Exercise instructions :: What lines below mention the word "Universal"? Copy each one.
================
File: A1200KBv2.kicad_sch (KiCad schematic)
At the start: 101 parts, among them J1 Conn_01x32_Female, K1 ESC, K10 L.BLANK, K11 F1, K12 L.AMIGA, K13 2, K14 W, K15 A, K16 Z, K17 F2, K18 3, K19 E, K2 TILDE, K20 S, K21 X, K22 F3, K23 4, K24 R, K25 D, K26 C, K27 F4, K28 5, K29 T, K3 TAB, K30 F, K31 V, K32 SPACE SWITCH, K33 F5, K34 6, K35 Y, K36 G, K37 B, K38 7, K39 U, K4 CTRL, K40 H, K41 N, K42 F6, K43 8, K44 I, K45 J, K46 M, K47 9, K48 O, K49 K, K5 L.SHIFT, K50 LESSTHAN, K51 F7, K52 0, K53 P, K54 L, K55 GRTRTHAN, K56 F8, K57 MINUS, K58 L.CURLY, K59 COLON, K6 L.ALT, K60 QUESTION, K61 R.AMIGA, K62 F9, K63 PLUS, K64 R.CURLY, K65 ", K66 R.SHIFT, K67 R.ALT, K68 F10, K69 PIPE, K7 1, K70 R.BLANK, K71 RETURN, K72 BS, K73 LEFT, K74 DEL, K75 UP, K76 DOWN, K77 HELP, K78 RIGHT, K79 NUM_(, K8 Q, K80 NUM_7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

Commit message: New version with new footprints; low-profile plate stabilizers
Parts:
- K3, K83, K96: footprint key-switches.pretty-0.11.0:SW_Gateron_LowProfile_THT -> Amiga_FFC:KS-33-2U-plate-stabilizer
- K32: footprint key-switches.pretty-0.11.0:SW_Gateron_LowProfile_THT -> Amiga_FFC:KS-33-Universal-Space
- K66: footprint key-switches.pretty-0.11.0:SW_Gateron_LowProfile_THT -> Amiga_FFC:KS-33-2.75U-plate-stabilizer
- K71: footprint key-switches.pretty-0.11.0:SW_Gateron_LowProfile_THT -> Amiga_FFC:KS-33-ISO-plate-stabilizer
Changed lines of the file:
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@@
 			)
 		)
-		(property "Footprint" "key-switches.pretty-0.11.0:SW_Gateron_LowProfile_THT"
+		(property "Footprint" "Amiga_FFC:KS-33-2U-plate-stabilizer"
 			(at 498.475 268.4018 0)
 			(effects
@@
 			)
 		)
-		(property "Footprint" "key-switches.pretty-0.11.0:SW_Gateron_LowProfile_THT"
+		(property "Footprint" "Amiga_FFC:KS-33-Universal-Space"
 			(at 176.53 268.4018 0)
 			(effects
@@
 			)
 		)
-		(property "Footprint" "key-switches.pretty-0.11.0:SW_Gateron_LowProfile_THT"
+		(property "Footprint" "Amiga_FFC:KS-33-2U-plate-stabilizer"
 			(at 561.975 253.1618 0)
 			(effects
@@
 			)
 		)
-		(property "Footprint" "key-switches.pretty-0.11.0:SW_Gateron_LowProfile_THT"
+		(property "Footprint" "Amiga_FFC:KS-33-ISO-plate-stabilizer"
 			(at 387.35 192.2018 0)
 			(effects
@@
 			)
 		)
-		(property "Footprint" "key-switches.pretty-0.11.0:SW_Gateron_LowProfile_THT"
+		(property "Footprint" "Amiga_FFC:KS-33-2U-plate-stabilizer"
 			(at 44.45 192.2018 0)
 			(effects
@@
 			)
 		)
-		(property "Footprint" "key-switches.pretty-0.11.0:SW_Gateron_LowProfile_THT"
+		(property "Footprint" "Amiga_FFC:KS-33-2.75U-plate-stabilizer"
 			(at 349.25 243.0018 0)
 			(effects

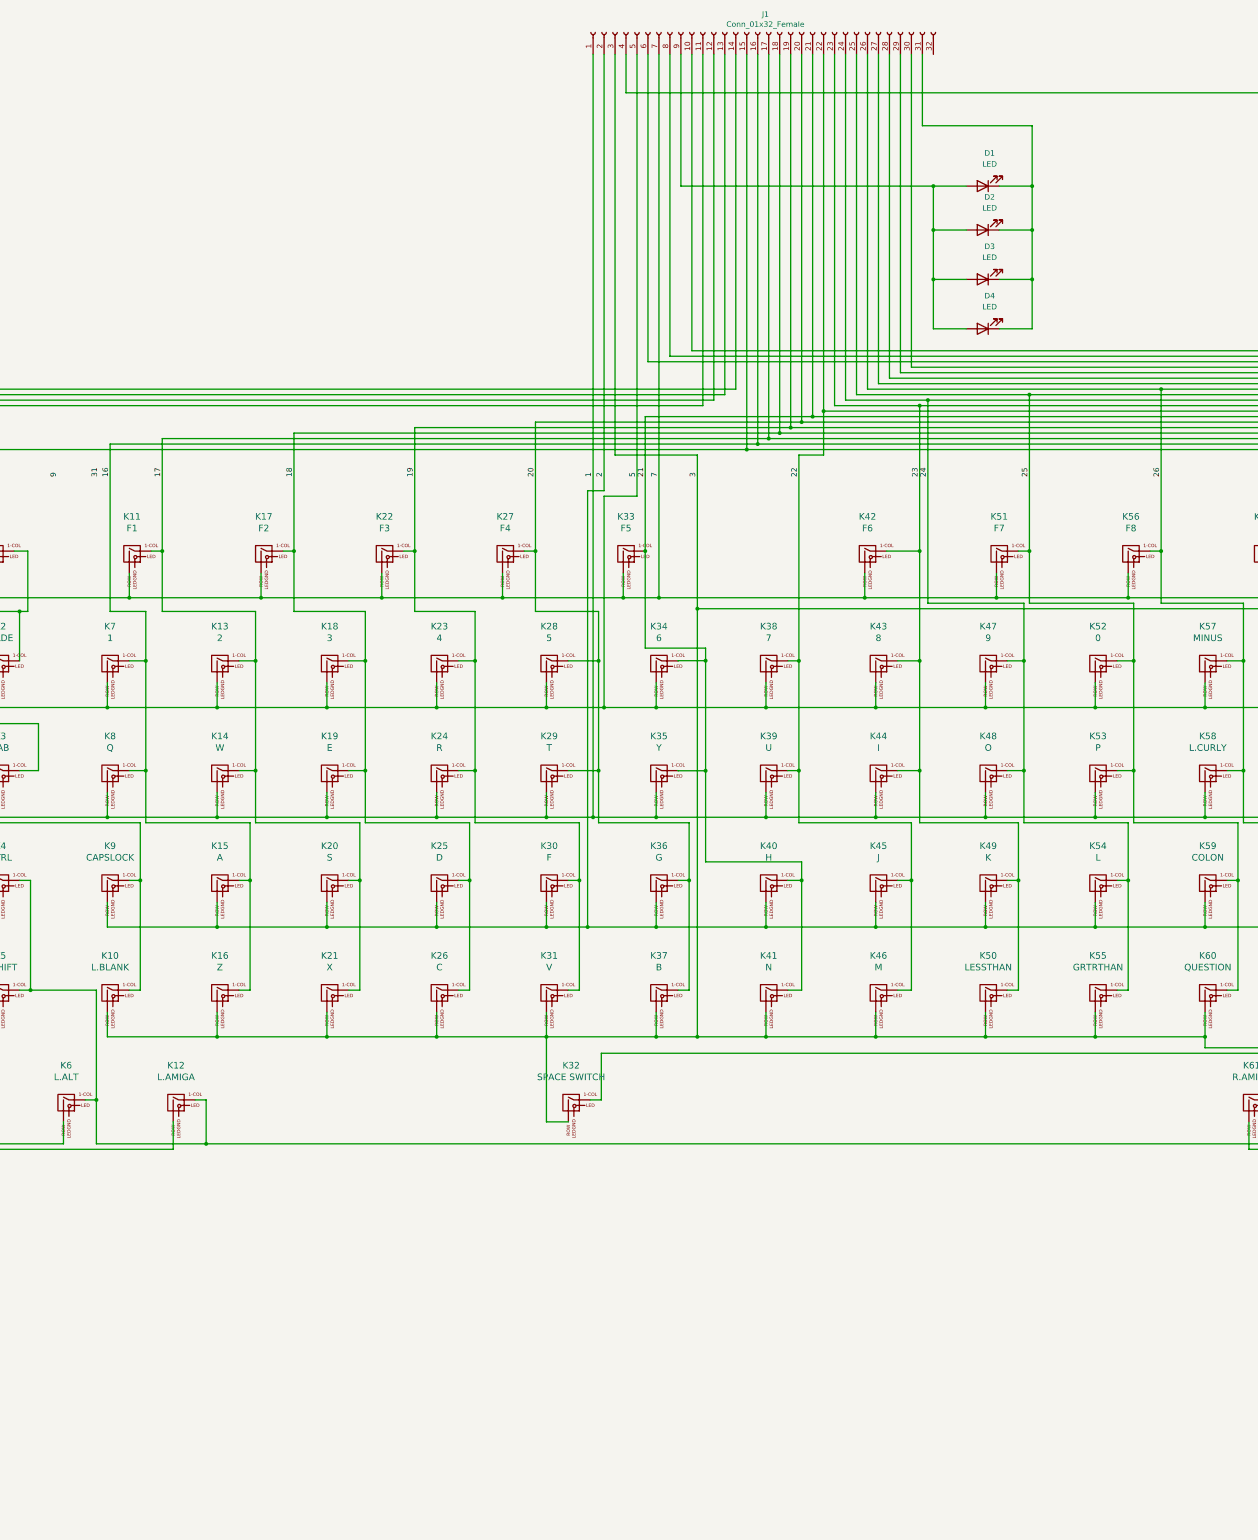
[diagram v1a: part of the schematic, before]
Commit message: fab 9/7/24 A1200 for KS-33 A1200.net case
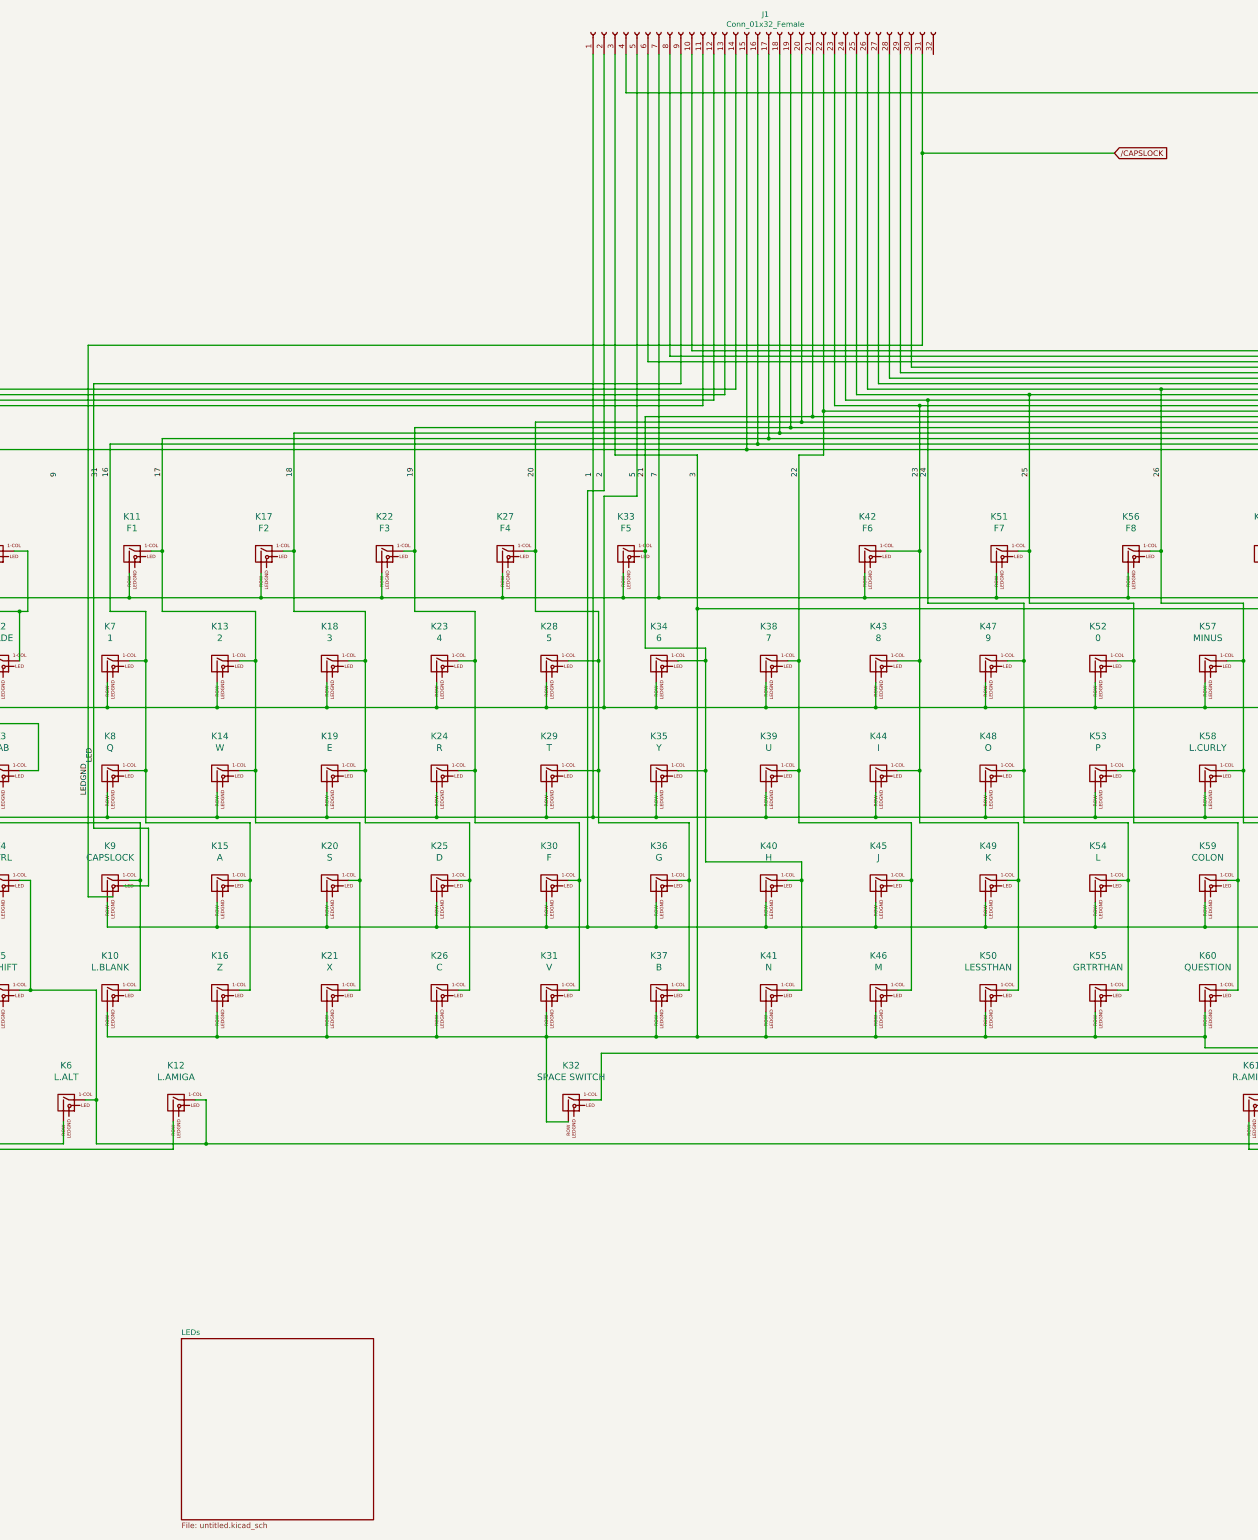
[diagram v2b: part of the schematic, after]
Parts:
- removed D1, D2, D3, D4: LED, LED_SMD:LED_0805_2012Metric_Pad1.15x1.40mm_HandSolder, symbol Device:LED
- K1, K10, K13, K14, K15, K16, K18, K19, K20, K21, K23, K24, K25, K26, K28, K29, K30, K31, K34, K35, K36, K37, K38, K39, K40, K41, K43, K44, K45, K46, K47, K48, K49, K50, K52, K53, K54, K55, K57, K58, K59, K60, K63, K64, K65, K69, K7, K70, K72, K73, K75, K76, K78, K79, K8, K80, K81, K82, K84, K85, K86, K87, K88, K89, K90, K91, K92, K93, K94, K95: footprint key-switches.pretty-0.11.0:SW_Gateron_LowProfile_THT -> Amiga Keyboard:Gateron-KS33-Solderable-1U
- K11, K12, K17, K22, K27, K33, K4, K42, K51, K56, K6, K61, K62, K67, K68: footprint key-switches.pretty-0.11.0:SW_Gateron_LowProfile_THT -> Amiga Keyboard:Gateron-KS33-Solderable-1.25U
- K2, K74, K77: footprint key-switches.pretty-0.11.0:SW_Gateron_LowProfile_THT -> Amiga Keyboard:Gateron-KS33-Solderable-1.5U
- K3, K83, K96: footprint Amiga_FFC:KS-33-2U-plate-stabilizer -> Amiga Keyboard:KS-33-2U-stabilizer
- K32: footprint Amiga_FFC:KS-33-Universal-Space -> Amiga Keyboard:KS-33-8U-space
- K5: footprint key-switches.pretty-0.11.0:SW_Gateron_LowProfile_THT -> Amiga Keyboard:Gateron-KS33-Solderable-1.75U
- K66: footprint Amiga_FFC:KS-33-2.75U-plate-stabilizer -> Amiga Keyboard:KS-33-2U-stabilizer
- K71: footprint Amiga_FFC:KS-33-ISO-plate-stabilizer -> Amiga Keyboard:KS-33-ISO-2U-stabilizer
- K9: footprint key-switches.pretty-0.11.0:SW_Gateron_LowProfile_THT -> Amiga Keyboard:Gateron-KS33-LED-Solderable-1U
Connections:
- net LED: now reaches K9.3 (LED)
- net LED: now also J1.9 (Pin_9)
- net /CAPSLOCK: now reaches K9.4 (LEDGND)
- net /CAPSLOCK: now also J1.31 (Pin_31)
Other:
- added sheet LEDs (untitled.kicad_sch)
================
Result of this exercise ::
- K32: footprint key-switches.pretty-0.11.0:SW_Gateron_LowProfile_THT -> Amiga_FFC:KS-33-Universal-Space
+		(property "Footprint" "Amiga_FFC:KS-33-Universal-Space"
- K32: footprint Amiga_FFC:KS-33-Universal-Space -> Amiga Keyboard:KS-33-8U-space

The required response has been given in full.